Data supplied -
Start of Block

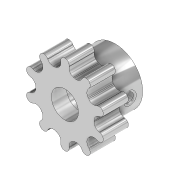
# Autodesk Inventor part: 4th Axis Main Drive Gear
Saved by Autodesk Inventor 2020 (Build 240168000, 168)
## iProperties
Created: 2021-06-28
Part Number: 4th Axis Main Drive Gear
Material: Generic
Document SubType Name: Modeling
Designer: Coy
Density: 1 g/cm^3
Appearance: Chrome - Polished
Author: Coy
Autodesk Inventor part; units mm, degrees
ref_plane "YZ Plane" through (0, 0, 0) normal (1, 0, 0) x (0, 1, 0)
ref_plane "XZ Plane" through (0, 0, 0) normal (0, 1, 0) x (-1, 0, 0)
ref_plane "XY Plane" through (0, 0, 0) normal (0, 0, 1) x (1, 0, 0)
sketch "Sketch4" plane through (0, 0, 0) normal (0, 0, 1) x (1, 0, 0)
  circle A0 centre (0, 0) radius 2.5
  circle A1 centre (0, 0) radius 8.2 construction
  arc A2 (1.0386, 6.9958) -> (-1.0386, 6.9958) centre (0, 7.15) ccw
  arc A3 (-1.7552, 5.7375) -> (-1.0238, 6.8958) centre (-2.0624, 6.7416) ccw
  arc A4 (1.0238, 6.8958) -> (1.7552, 5.7375) centre (2.0624, 6.7416) ccw
  line L0 (1.0238, 6.8958) -> (1.0386, 6.9958)
  line L1 (-1.0238, 6.8958) -> (-1.0386, 6.9958)
  line L2 (0, 0) -> (0, 6.1) construction
  line L3 (0, 8.2) -> (0, 9.5985) construction
  arc A5 (-3.2718, 6.2702) -> (-4.9523, 5.0492) centre (-4.2027, 5.7845) ccw
  line L4 (-4.8815, 4.9771) -> (-4.9523, 5.0492)
  arc A6 (-4.7924, 3.6101) -> (-4.8815, 4.9771) centre (-5.6311, 4.2418) ccw
  line L5 (-3.225, 6.1806) -> (-3.2718, 6.2702)
  arc A7 (-3.225, 6.1806) -> (-1.9524, 5.6734) centre (-2.2941, 6.6663) ccw
  arc A8 (-6.3325, 3.1496) -> (-6.9744, 1.174) centre (-6.8001, 2.2095) ccw
  line L6 (-6.8746, 1.1573) -> (-6.9744, 1.174)
  arc A9 (-5.9991, 0.1037) -> (-6.8746, 1.1573) centre (-7.0489, 0.1218) ccw
  line L7 (-6.2419, 3.1046) -> (-6.3325, 3.1496)
  arc A10 (-6.2419, 3.1046) -> (-4.9143, 3.4423) centre (-5.7743, 4.0447) ccw
  arc A11 (-6.9744, -1.174) -> (-6.3325, -3.1496) centre (-6.8001, -2.2095) ccw
  line L8 (-6.2419, -3.1046) -> (-6.3325, -3.1496)
  arc A12 (-4.9143, -3.4423) -> (-6.2419, -3.1046) centre (-5.7743, -4.0447) ccw
  line L9 (-6.8746, -1.1573) -> (-6.9744, -1.174)
  arc A13 (-6.8746, -1.1573) -> (-5.9991, -0.1037) centre (-7.0489, -0.1218) ccw
  arc A14 (-4.9523, -5.0492) -> (-3.2718, -6.2702) centre (-4.2027, -5.7845) ccw
  line L10 (-3.225, -6.1806) -> (-3.2718, -6.2702)
  arc A15 (-1.9524, -5.6734) -> (-3.225, -6.1806) centre (-2.2941, -6.6663) ccw
  line L11 (-4.8815, -4.9771) -> (-4.9523, -5.0492)
  arc A16 (-4.8815, -4.9771) -> (-4.7924, -3.6101) centre (-5.6311, -4.2418) ccw
  arc A17 (-1.0386, -6.9958) -> (1.0386, -6.9958) centre (0, -7.15) ccw
  line L12 (1.0238, -6.8958) -> (1.0386, -6.9958)
  arc A18 (1.7552, -5.7375) -> (1.0238, -6.8958) centre (2.0624, -6.7416) ccw
  line L13 (-1.0238, -6.8958) -> (-1.0386, -6.9958)
  arc A19 (-1.0238, -6.8958) -> (-1.7552, -5.7375) centre (-2.0624, -6.7416) ccw
  arc A20 (3.2718, -6.2702) -> (4.9523, -5.0492) centre (4.2027, -5.7845) ccw
  line L14 (4.8815, -4.9771) -> (4.9523, -5.0492)
  arc A21 (4.7924, -3.6101) -> (4.8815, -4.9771) centre (5.6311, -4.2418) ccw
  line L15 (3.225, -6.1806) -> (3.2718, -6.2702)
  arc A22 (3.225, -6.1806) -> (1.9524, -5.6734) centre (2.2941, -6.6663) ccw
  arc A23 (6.3325, -3.1496) -> (6.9744, -1.174) centre (6.8001, -2.2095) ccw
  line L16 (6.8746, -1.1573) -> (6.9744, -1.174)
  arc A24 (5.9991, -0.1037) -> (6.8746, -1.1573) centre (7.0489, -0.1218) ccw
  line L17 (6.2419, -3.1046) -> (6.3325, -3.1496)
  arc A25 (6.2419, -3.1046) -> (4.9143, -3.4423) centre (5.7743, -4.0447) ccw
  arc A26 (6.9744, 1.174) -> (6.3325, 3.1496) centre (6.8001, 2.2095) ccw
  line L18 (6.2419, 3.1046) -> (6.3325, 3.1496)
  arc A27 (4.9143, 3.4423) -> (6.2419, 3.1046) centre (5.7743, 4.0447) ccw
  line L19 (6.8746, 1.1573) -> (6.9744, 1.174)
  arc A28 (6.8746, 1.1573) -> (5.9991, 0.1037) centre (7.0489, 0.1218) ccw
  arc A29 (4.9523, 5.0492) -> (3.2718, 6.2702) centre (4.2027, 5.7845) ccw
  line L20 (3.225, 6.1806) -> (3.2718, 6.2702)
  arc A30 (1.9524, 5.6734) -> (3.225, 6.1806) centre (2.2941, 6.6663) ccw
  line L21 (4.8815, 4.9771) -> (4.9523, 5.0492)
  arc A31 (4.8815, 4.9771) -> (4.7924, 3.6101) centre (5.6311, 4.2418) ccw
  arc A32 (-1.7552, 5.7375) -> (-1.9524, 5.6734) centre (0, 0) ccw
  arc A33 (1.9524, 5.6734) -> (1.7552, 5.7375) centre (0, 0) ccw
  arc A34 (4.9143, 3.4423) -> (4.7924, 3.6101) centre (0, 0) ccw
  arc A35 (5.9991, -0.1037) -> (5.9991, 0.1037) centre (0, 0) ccw
  arc A36 (4.7924, -3.6101) -> (4.9143, -3.4423) centre (0, 0) ccw
  arc A37 (1.7552, -5.7375) -> (1.9524, -5.6734) centre (0, 0) ccw
  arc A38 (-1.9524, -5.6734) -> (-1.7552, -5.7375) centre (0, 0) ccw
  arc A39 (-4.9143, -3.4423) -> (-4.7924, -3.6101) centre (0, 0) ccw
  arc A40 (-4.7924, 3.6101) -> (-4.9143, 3.4423) centre (0, 0) ccw
  arc A41 (-5.9991, 0.1037) -> (-5.9991, -0.1037) centre (0, 0) ccw
  point P0 (-4.8198, 6.6339)
  point P1 (-7.7987, 2.5339)
  point P2 (-7.7987, -2.5339)
  point P3 (-4.8198, -6.6339)
  point P4 (0, -8.2)
  point P5 (4.8198, -6.6339)
  point P6 (7.7987, -2.5339)
  point P7 (7.7987, 2.5339)
  point P8 (4.8198, 6.6339)
  dimension "d19" = 5
  dimension "d20" = 16.4
  dimension "d22" = 2.1
  dimension "d23" = 2.1
  dimension "d24" = 2.1
  dimension "d27" = 360
  constraints: 90 point on circle, 44 end point, 42 centre point, 20 line through centre, 5 tangent, 2 coincident, 2 vertical, 151 other
  measures "d19" diameter of A0
  measures "d20" diameter of A1
  measures "d22" diameter of A2
  measures "d23" diameter of A4
  measures "d24" diameter of A3
extrude "Extrusion4" add sketch "Sketch4" along normal blind 5
sketch "Sketch5" plane through (0, 0, 0) normal (0, 0, -1) x (-1, 0, 0)
  circle A0 centre (0, 0) radius 2.5
  circle A1 centre (0, 0) radius 5.5
  dimension "d31" = 3
  constraints: 2 centre point, 1 coincident, 1 other
  measures "d31" radial gap between concentric circles of A0 A1
extrude "Extrusion5" add sketch "Sketch5" along normal blind 5
sketch "Sketch6" plane through (0, 0, 0) normal (1, 0, 0) x (0, 1, 0)
  line L0 (5.5, 0) -> (5.5, -5) projected
  line L1 (5.5, -2.5) -> (-5.5, -2.5) construction
  line L2 (-5.5, 0) -> (-5.5, -5) construction
  circle A0 centre (0, -2.5) radius 0.95
  point P0 (0, 0)
  dimension "d34" = 1.9
  constraints: 3 midpoint, 2 end point, 1 centre point
  measures "d34" diameter of A0
extrude "Extrusion6" cut sketch "Sketch6" against normal through all both and the other way through all
sketch "Sketch7" plane through (0, 0, 5) normal (0, 0, 1) x (1, 0, 0)
  arc A0 (-6.3325, 3.1496) -> (-6.9744, 1.174) centre (-6.8001, 2.2095) ccw projected
  line L0 (-6.9744, 1.174) -> (-6.8746, 1.1573) projected
  arc A1 (-5.9991, 0.1037) -> (-6.8746, 1.1573) centre (-7.0489, 0.1218) ccw projected
  arc A2 (-5.9991, 0.1037) -> (-5.9991, -0.1037) centre (0, 0) ccw projected
  arc A3 (-6.8746, -1.1573) -> (-5.9991, -0.1037) centre (-7.0489, -0.1218) ccw projected
  line L1 (-6.8746, -1.1573) -> (-6.9744, -1.174) projected
  arc A4 (-6.9744, -1.174) -> (-6.3325, -3.1496) centre (-6.8001, -2.2095) ccw projected
  line L2 (-6.3325, -3.1496) -> (-6.2419, -3.1046) projected
  arc A5 (-4.9143, -3.4423) -> (-6.2419, -3.1046) centre (-5.7743, -4.0447) ccw projected
  arc A6 (-4.9143, -3.4423) -> (-4.7924, -3.6101) centre (0, 0) ccw projected
  arc A7 (-4.8815, -4.9771) -> (-4.7924, -3.6101) centre (-5.6311, -4.2418) ccw projected
  line L3 (-4.8815, -4.9771) -> (-4.9523, -5.0492) projected
  arc A8 (-4.9523, -5.0492) -> (-3.2718, -6.2702) centre (-4.2027, -5.7845) ccw projected
  line L4 (-3.2718, -6.2702) -> (-3.225, -6.1806) projected
  arc A9 (-1.9524, -5.6734) -> (-3.225, -6.1806) centre (-2.2941, -6.6663) ccw projected
  arc A10 (-1.9524, -5.6734) -> (-1.7552, -5.7375) centre (0, 0) ccw projected
  arc A11 (-1.0238, -6.8958) -> (-1.7552, -5.7375) centre (-2.0624, -6.7416) ccw projected
  line L5 (-1.0238, -6.8958) -> (-1.0386, -6.9958) projected
  arc A12 (-1.0386, -6.9958) -> (1.0386, -6.9958) centre (0, -7.15) ccw projected
  line L6 (1.0386, -6.9958) -> (1.0238, -6.8958) projected
  arc A13 (1.7552, -5.7375) -> (1.0238, -6.8958) centre (2.0624, -6.7416) ccw projected
  arc A14 (1.7552, -5.7375) -> (1.9524, -5.6734) centre (0, 0) ccw projected
  arc A15 (3.225, -6.1806) -> (1.9524, -5.6734) centre (2.2941, -6.6663) ccw projected
  line L7 (3.225, -6.1806) -> (3.2718, -6.2702) projected
  arc A16 (3.2718, -6.2702) -> (4.9523, -5.0492) centre (4.2027, -5.7845) ccw projected
  line L8 (4.9523, -5.0492) -> (4.8815, -4.9771) projected
  arc A17 (4.7924, -3.6101) -> (4.8815, -4.9771) centre (5.6311, -4.2418) ccw projected
  arc A18 (4.7924, -3.6101) -> (4.9143, -3.4423) centre (0, 0) ccw projected
  arc A19 (6.2419, -3.1046) -> (4.9143, -3.4423) centre (5.7743, -4.0447) ccw projected
  line L9 (6.2419, -3.1046) -> (6.3325, -3.1496) projected
  arc A20 (6.3325, -3.1496) -> (6.9744, -1.174) centre (6.8001, -2.2095) ccw projected
  line L10 (6.9744, -1.174) -> (6.8746, -1.1573) projected
  arc A21 (5.9991, -0.1037) -> (6.8746, -1.1573) centre (7.0489, -0.1218) ccw projected
  arc A22 (5.9991, -0.1037) -> (5.9991, 0.1037) centre (0, 0) ccw projected
  arc A23 (6.8746, 1.1573) -> (5.9991, 0.1037) centre (7.0489, 0.1218) ccw projected
  line L11 (6.8746, 1.1573) -> (6.9744, 1.174) projected
  arc A24 (6.9744, 1.174) -> (6.3325, 3.1496) centre (6.8001, 2.2095) ccw projected
  line L12 (6.3325, 3.1496) -> (6.2419, 3.1046) projected
  arc A25 (4.9143, 3.4423) -> (6.2419, 3.1046) centre (5.7743, 4.0447) ccw projected
  arc A26 (4.9143, 3.4423) -> (4.7924, 3.6101) centre (0, 0) ccw projected
  arc A27 (4.8815, 4.9771) -> (4.7924, 3.6101) centre (5.6311, 4.2418) ccw projected
  line L13 (4.8815, 4.9771) -> (4.9523, 5.0492) projected
  arc A28 (4.9523, 5.0492) -> (3.2718, 6.2702) centre (4.2027, 5.7845) ccw projected
  line L14 (3.2718, 6.2702) -> (3.225, 6.1806) projected
  arc A29 (1.9524, 5.6734) -> (3.225, 6.1806) centre (2.2941, 6.6663) ccw projected
  arc A30 (1.9524, 5.6734) -> (1.7552, 5.7375) centre (0, 0) ccw projected
  arc A31 (1.0238, 6.8958) -> (1.7552, 5.7375) centre (2.0624, 6.7416) ccw projected
  line L15 (1.0238, 6.8958) -> (1.0386, 6.9958) projected
  arc A32 (1.0386, 6.9958) -> (-1.0386, 6.9958) centre (0, 7.15) ccw projected
  line L16 (-1.0386, 6.9958) -> (-1.0238, 6.8958) projected
  arc A33 (-1.7552, 5.7375) -> (-1.0238, 6.8958) centre (-2.0624, 6.7416) ccw projected
  arc A34 (-1.7552, 5.7375) -> (-1.9524, 5.6734) centre (0, 0) ccw projected
  arc A35 (-3.225, 6.1806) -> (-1.9524, 5.6734) centre (-2.2941, 6.6663) ccw projected
  line L17 (-3.225, 6.1806) -> (-3.2718, 6.2702) projected
  arc A36 (-3.2718, 6.2702) -> (-4.9523, 5.0492) centre (-4.2027, 5.7845) ccw projected
  line L18 (-4.9523, 5.0492) -> (-4.8815, 4.9771) projected
  arc A37 (-4.7924, 3.6101) -> (-4.8815, 4.9771) centre (-5.6311, 4.2418) ccw projected
  arc A38 (-4.7924, 3.6101) -> (-4.9143, 3.4423) centre (0, 0) ccw projected
  arc A39 (-6.2419, 3.1046) -> (-4.9143, 3.4423) centre (-5.7743, 4.0447) ccw projected
  line L19 (-6.2419, 3.1046) -> (-6.3325, 3.1496) projected
  circle A40 centre (0, 0) radius 2.5 projected
  arc A41 (-1.6967, 5.5463) -> (-1.8873, 5.4843) centre (0, 0) ccw
  arc A42 (-1.6967, 5.5463) -> (-0.8259, 6.9252) centre (-2.0624, 6.7416) ccw
  line L20 (-0.8259, 6.9252) -> (-0.8408, 7.0252)
  arc A43 (0.8408, 7.0252) -> (-0.8408, 7.0252) centre (0, 7.15) ccw
  line L21 (0.8408, 7.0252) -> (0.8259, 6.9252)
  arc A44 (0.8259, 6.9252) -> (1.6967, 5.5463) centre (2.0624, 6.7416) ccw
  arc A45 (1.8873, 5.4843) -> (1.6967, 5.5463) centre (0, 0) ccw
  arc A46 (1.8873, 5.4843) -> (3.4023, 6.088) centre (2.2941, 6.6663) ccw
  line L22 (3.4023, 6.088) -> (3.4491, 6.1777)
  arc A47 (4.8095, 5.1893) -> (3.4491, 6.1777) centre (4.2027, 5.7845) ccw
  line L23 (4.8095, 5.1893) -> (4.7387, 5.1171)
  arc A48 (4.7387, 5.1171) -> (4.6327, 3.4897) centre (5.6311, 4.2418) ccw
  arc A49 (4.7505, 3.3276) -> (4.6327, 3.4897) centre (0, 0) ccw
  arc A50 (4.7505, 3.3276) -> (6.331, 2.9255) centre (5.7743, 4.0447) ccw
  line L24 (6.331, 2.9255) -> (6.4215, 2.9705)
  arc A51 (6.9412, 1.3713) -> (6.4215, 2.9705) centre (6.8001, 2.2095) ccw
  line L25 (6.9412, 1.3713) -> (6.8414, 1.3545)
  arc A52 (6.8414, 1.3545) -> (5.7991, 0.1002) centre (7.0489, 0.1218) ccw
  arc A53 (5.7991, -0.1002) -> (5.7991, 0.1002) centre (0, 0) ccw
  arc A54 (5.7991, -0.1002) -> (6.8414, -1.3545) centre (7.0489, -0.1218) ccw
  line L26 (6.8414, -1.3545) -> (6.9412, -1.3713)
  arc A55 (6.4215, -2.9705) -> (6.9412, -1.3713) centre (6.8001, -2.2095) ccw
  line L27 (6.4215, -2.9705) -> (6.331, -2.9255)
  arc A56 (6.331, -2.9255) -> (4.7505, -3.3276) centre (5.7743, -4.0447) ccw
  arc A57 (4.6327, -3.4897) -> (4.7505, -3.3276) centre (0, 0) ccw
  arc A58 (4.6327, -3.4897) -> (4.7387, -5.1171) centre (5.6311, -4.2418) ccw
  line L28 (4.7387, -5.1171) -> (4.8095, -5.1893)
  arc A59 (3.4491, -6.1777) -> (4.8095, -5.1893) centre (4.2027, -5.7845) ccw
  line L29 (3.4491, -6.1777) -> (3.4023, -6.088)
  arc A60 (3.4023, -6.088) -> (1.8873, -5.4843) centre (2.2941, -6.6663) ccw
  arc A61 (1.6967, -5.5463) -> (1.8873, -5.4843) centre (0, 0) ccw
  arc A62 (1.6967, -5.5463) -> (0.8259, -6.9252) centre (2.0624, -6.7416) ccw
  line L30 (0.8259, -6.9252) -> (0.8408, -7.0252)
  arc A63 (-0.8408, -7.0252) -> (0.8408, -7.0252) centre (0, -7.15) ccw
  line L31 (-0.8408, -7.0252) -> (-0.8259, -6.9252)
  arc A64 (-0.8259, -6.9252) -> (-1.6967, -5.5463) centre (-2.0624, -6.7416) ccw
  arc A65 (-1.8873, -5.4843) -> (-1.6967, -5.5463) centre (0, 0) ccw
  arc A66 (-1.8873, -5.4843) -> (-3.4023, -6.088) centre (-2.2941, -6.6663) ccw
  line L32 (-3.4023, -6.088) -> (-3.4491, -6.1777)
  arc A67 (-4.8095, -5.1893) -> (-3.4491, -6.1777) centre (-4.2027, -5.7845) ccw
  line L33 (-4.8095, -5.1893) -> (-4.7387, -5.1171)
  arc A68 (-4.7387, -5.1171) -> (-4.6327, -3.4897) centre (-5.6311, -4.2418) ccw
  arc A69 (-4.7505, -3.3276) -> (-4.6327, -3.4897) centre (0, 0) ccw
  arc A70 (-4.7505, -3.3276) -> (-6.331, -2.9255) centre (-5.7743, -4.0447) ccw
  line L34 (-6.331, -2.9255) -> (-6.4215, -2.9705)
  arc A71 (-6.9412, -1.3713) -> (-6.4215, -2.9705) centre (-6.8001, -2.2095) ccw
  line L35 (-6.9412, -1.3713) -> (-6.8414, -1.3545)
  arc A72 (-6.8414, -1.3545) -> (-5.7991, -0.1002) centre (-7.0489, -0.1218) ccw
  arc A73 (-5.7991, 0.1002) -> (-5.7991, -0.1002) centre (0, 0) ccw
  arc A74 (-5.7991, 0.1002) -> (-6.8414, 1.3545) centre (-7.0489, 0.1218) ccw
  line L36 (-6.8414, 1.3545) -> (-6.9412, 1.3713)
  arc A75 (-6.4215, 2.9705) -> (-6.9412, 1.3713) centre (-6.8001, 2.2095) ccw
  line L37 (-6.4215, 2.9705) -> (-6.331, 2.9255)
  arc A76 (-6.331, 2.9255) -> (-4.7505, 3.3276) centre (-5.7743, 4.0447) ccw
  arc A77 (-4.6327, 3.4897) -> (-4.7505, 3.3276) centre (0, 0) ccw
  arc A78 (-4.6327, 3.4897) -> (-4.7387, 5.1171) centre (-5.6311, 4.2418) ccw
  line L38 (-4.7387, 5.1171) -> (-4.8095, 5.1893)
  arc A79 (-3.4491, 6.1777) -> (-4.8095, 5.1893) centre (-4.2027, 5.7845) ccw
  line L39 (-3.4491, 6.1777) -> (-3.4023, 6.088)
  arc A80 (-3.4023, 6.088) -> (-1.8873, 5.4843) centre (-2.2941, 6.6663) ccw
  circle A81 centre (0, 0) radius 2.7
  dimension "d24" = 2.1
  dimension "d27" = 360
  dimension "d42" = 0.2
  dimension "d43" = 0.2
  constraints: 80 point on circle, 41 centre point, 40 end point, 59 other
  measures "d42" radial gap between concentric circles of A35 A80
  measures "d43" radial gap between concentric circles of A40 A81
extrude "Extrusion7" cut sketch "Sketch7" against normal blind 25.4
chamfer "Chamfer2" distance 7 angle 2 1 edges at (-2.7, 0, -5) measured on face at (-2.7, 0, -4.5)
fillet "Fillet3" radius 0.3 5 edges at (-2.9444, 0, -5) (5.4173, -0.95, -2.5001) (-5.4173, -0.95, -2.4999) (-5.4549, 0.703, -3.139) (-5.4549, 0.703, -1.861)
equation "\"d23\" = d22"
equation "\"d24\" = d22"
body "Solid2"

End of Block

What you have to do - Return word for word the lines from the beginning of the entries through the line that contains "line L8 (-6.2419, -3.1046)", both ends included, but no pictures.

Response to the exercise -
# Autodesk Inventor part: 4th Axis Main Drive Gear
Saved by Autodesk Inventor 2020 (Build 240168000, 168)
## iProperties
Created: 2021-06-28
Part Number: 4th Axis Main Drive Gear
Material: Generic
Document SubType Name: Modeling
Designer: Coy
Density: 1 g/cm^3
Appearance: Chrome - Polished
Author: Coy
Autodesk Inventor part; units mm, degrees
ref_plane "YZ Plane" through (0, 0, 0) normal (1, 0, 0) x (0, 1, 0)
ref_plane "XZ Plane" through (0, 0, 0) normal (0, 1, 0) x (-1, 0, 0)
ref_plane "XY Plane" through (0, 0, 0) normal (0, 0, 1) x (1, 0, 0)
sketch "Sketch4" plane through (0, 0, 0) normal (0, 0, 1) x (1, 0, 0)
  circle A0 centre (0, 0) radius 2.5
  circle A1 centre (0, 0) radius 8.2 construction
  arc A2 (1.0386, 6.9958) -> (-1.0386, 6.9958) centre (0, 7.15) ccw
  arc A3 (-1.7552, 5.7375) -> (-1.0238, 6.8958) centre (-2.0624, 6.7416) ccw
  arc A4 (1.0238, 6.8958) -> (1.7552, 5.7375) centre (2.0624, 6.7416) ccw
  line L0 (1.0238, 6.8958) -> (1.0386, 6.9958)
  line L1 (-1.0238, 6.8958) -> (-1.0386, 6.9958)
  line L2 (0, 0) -> (0, 6.1) construction
  line L3 (0, 8.2) -> (0, 9.5985) construction
  arc A5 (-3.2718, 6.2702) -> (-4.9523, 5.0492) centre (-4.2027, 5.7845) ccw
  line L4 (-4.8815, 4.9771) -> (-4.9523, 5.0492)
  arc A6 (-4.7924, 3.6101) -> (-4.8815, 4.9771) centre (-5.6311, 4.2418) ccw
  line L5 (-3.225, 6.1806) -> (-3.2718, 6.2702)
  arc A7 (-3.225, 6.1806) -> (-1.9524, 5.6734) centre (-2.2941, 6.6663) ccw
  arc A8 (-6.3325, 3.1496) -> (-6.9744, 1.174) centre (-6.8001, 2.2095) ccw
  line L6 (-6.8746, 1.1573) -> (-6.9744, 1.174)
  arc A9 (-5.9991, 0.1037) -> (-6.8746, 1.1573) centre (-7.0489, 0.1218) ccw
  line L7 (-6.2419, 3.1046) -> (-6.3325, 3.1496)
  arc A10 (-6.2419, 3.1046) -> (-4.9143, 3.4423) centre (-5.7743, 4.0447) ccw
  arc A11 (-6.9744, -1.174) -> (-6.3325, -3.1496) centre (-6.8001, -2.2095) ccw
  line L8 (-6.2419, -3.1046) -> (-6.3325, -3.1496)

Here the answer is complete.